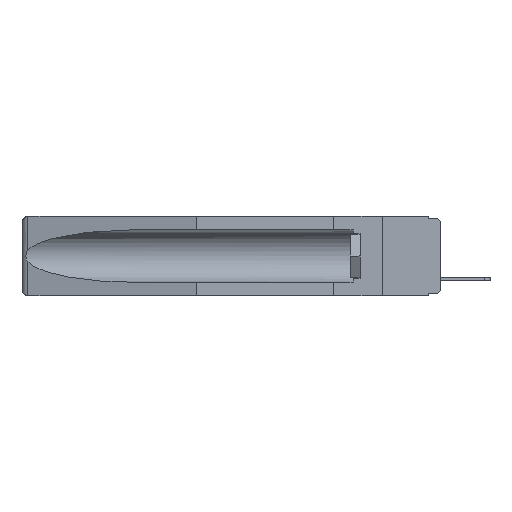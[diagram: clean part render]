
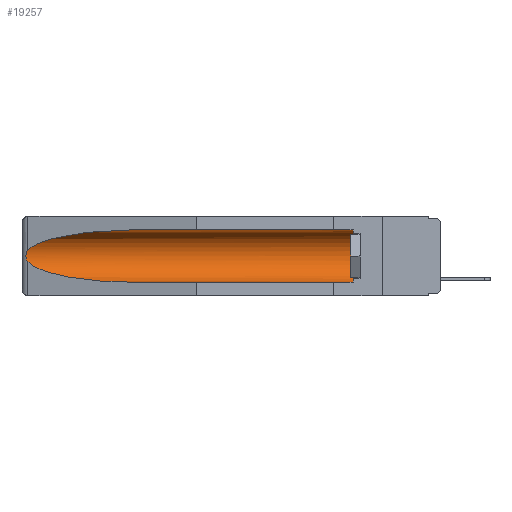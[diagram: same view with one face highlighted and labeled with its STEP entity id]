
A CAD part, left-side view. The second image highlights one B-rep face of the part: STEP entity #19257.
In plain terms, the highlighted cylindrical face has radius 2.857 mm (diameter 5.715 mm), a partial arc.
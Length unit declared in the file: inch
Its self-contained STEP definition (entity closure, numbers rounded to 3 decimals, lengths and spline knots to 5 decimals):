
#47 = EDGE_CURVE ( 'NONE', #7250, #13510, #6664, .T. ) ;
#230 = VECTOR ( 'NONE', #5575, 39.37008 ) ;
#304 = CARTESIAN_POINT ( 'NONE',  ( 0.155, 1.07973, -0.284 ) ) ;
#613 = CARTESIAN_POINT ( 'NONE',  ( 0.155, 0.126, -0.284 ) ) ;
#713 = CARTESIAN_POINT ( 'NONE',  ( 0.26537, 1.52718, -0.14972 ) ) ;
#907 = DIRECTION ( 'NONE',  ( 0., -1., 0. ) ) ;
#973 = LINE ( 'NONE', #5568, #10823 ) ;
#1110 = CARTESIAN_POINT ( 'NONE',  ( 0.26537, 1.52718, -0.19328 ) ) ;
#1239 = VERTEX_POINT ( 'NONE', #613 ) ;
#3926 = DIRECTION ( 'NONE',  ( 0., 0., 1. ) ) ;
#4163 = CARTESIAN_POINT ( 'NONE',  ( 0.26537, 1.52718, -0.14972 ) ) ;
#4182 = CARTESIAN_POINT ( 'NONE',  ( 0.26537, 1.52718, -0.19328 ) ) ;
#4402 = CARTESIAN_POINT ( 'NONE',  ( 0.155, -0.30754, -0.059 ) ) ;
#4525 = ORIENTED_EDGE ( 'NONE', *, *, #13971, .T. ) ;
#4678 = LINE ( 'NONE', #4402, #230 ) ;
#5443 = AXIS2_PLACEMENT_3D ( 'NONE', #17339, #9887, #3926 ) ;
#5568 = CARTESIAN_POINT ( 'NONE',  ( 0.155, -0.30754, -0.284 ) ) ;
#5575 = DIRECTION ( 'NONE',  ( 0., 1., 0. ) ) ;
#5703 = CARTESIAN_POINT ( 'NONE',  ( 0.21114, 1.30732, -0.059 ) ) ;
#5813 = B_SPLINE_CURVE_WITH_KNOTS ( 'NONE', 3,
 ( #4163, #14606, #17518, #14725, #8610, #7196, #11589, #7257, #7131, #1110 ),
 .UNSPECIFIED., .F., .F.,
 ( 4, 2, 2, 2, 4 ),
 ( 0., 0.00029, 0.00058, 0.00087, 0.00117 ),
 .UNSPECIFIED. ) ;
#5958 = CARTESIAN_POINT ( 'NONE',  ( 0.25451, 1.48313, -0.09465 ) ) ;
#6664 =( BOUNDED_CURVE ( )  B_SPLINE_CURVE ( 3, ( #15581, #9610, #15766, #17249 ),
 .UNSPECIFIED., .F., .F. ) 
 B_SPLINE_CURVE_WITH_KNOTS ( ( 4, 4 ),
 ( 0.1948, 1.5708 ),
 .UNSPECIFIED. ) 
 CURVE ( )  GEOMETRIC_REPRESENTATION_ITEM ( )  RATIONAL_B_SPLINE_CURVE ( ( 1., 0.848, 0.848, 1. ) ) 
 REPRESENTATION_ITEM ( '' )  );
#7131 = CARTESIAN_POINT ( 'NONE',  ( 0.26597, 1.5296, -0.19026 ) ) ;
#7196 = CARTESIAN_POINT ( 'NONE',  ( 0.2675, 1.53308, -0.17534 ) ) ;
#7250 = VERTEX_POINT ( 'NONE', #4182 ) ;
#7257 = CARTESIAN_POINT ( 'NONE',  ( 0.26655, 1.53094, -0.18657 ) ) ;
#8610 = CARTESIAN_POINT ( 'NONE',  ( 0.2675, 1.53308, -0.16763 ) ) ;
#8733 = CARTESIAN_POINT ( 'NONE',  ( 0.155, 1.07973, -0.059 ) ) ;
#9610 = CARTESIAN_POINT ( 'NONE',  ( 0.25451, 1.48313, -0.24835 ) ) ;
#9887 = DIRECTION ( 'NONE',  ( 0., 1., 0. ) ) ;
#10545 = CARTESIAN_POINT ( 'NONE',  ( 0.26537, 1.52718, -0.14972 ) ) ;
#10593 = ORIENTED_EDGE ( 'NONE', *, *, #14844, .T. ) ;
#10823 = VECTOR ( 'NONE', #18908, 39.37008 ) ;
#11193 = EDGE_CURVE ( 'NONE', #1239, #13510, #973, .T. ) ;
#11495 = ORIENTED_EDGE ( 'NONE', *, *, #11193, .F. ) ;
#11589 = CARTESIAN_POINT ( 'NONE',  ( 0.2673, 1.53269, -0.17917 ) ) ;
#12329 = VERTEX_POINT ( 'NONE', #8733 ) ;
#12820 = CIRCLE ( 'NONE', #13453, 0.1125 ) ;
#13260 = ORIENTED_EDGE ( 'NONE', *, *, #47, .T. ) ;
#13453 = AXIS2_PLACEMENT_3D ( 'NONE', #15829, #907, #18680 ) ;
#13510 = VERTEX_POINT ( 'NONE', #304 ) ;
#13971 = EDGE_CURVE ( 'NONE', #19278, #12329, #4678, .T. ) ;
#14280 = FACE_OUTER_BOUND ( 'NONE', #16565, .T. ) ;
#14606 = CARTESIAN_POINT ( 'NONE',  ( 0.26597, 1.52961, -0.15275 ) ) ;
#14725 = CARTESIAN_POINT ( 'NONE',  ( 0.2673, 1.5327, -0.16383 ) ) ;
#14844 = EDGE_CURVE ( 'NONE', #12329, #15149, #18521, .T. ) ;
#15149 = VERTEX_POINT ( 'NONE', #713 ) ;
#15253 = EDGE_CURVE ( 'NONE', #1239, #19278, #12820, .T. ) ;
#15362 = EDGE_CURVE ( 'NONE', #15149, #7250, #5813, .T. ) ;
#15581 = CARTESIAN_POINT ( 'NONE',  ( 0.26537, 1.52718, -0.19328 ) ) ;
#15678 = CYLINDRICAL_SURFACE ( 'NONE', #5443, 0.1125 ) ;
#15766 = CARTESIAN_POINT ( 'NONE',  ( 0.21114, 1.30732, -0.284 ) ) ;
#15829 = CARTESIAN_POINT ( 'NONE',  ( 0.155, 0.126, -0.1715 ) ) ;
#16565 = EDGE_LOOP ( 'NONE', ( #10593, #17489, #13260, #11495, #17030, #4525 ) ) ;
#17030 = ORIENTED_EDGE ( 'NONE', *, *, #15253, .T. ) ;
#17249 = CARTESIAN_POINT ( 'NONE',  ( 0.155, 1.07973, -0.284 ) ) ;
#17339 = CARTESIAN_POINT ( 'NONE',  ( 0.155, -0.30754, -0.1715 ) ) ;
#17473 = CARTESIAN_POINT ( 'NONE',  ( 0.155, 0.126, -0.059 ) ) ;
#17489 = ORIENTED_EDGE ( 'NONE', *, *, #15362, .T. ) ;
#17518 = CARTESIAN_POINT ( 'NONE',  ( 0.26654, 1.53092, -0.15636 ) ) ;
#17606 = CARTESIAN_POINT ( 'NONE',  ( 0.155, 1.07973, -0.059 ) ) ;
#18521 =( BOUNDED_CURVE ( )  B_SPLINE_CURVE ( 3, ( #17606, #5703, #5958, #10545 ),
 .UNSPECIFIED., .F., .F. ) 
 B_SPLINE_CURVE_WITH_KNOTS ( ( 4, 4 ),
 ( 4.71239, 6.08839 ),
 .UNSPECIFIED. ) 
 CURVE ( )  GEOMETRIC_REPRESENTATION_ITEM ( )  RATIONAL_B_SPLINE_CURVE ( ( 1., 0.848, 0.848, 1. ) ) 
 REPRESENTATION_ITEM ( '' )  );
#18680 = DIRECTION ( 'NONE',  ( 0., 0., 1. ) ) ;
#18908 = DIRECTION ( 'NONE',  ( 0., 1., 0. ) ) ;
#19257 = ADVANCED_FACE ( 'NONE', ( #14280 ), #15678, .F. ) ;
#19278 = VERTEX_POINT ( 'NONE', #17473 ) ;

****

### [TASK STATEMENT]
Restate word for word the lines in the material above from the one with "#15581 = CARTESIAN_POINT" to the one with "#17339 = CARTESIAN_POINT"; both of those lines count, and nothing else does.

### [SOLUTION BELOW]
#15581 = CARTESIAN_POINT ( 'NONE',  ( 0.26537, 1.52718, -0.19328 ) ) ;
#15678 = CYLINDRICAL_SURFACE ( 'NONE', #5443, 0.1125 ) ;
#15766 = CARTESIAN_POINT ( 'NONE',  ( 0.21114, 1.30732, -0.284 ) ) ;
#15829 = CARTESIAN_POINT ( 'NONE',  ( 0.155, 0.126, -0.1715 ) ) ;
#16565 = EDGE_LOOP ( 'NONE', ( #10593, #17489, #13260, #11495, #17030, #4525 ) ) ;
#17030 = ORIENTED_EDGE ( 'NONE', *, *, #15253, .T. ) ;
#17249 = CARTESIAN_POINT ( 'NONE',  ( 0.155, 1.07973, -0.284 ) ) ;
#17339 = CARTESIAN_POINT ( 'NONE',  ( 0.155, -0.30754, -0.1715 ) ) ;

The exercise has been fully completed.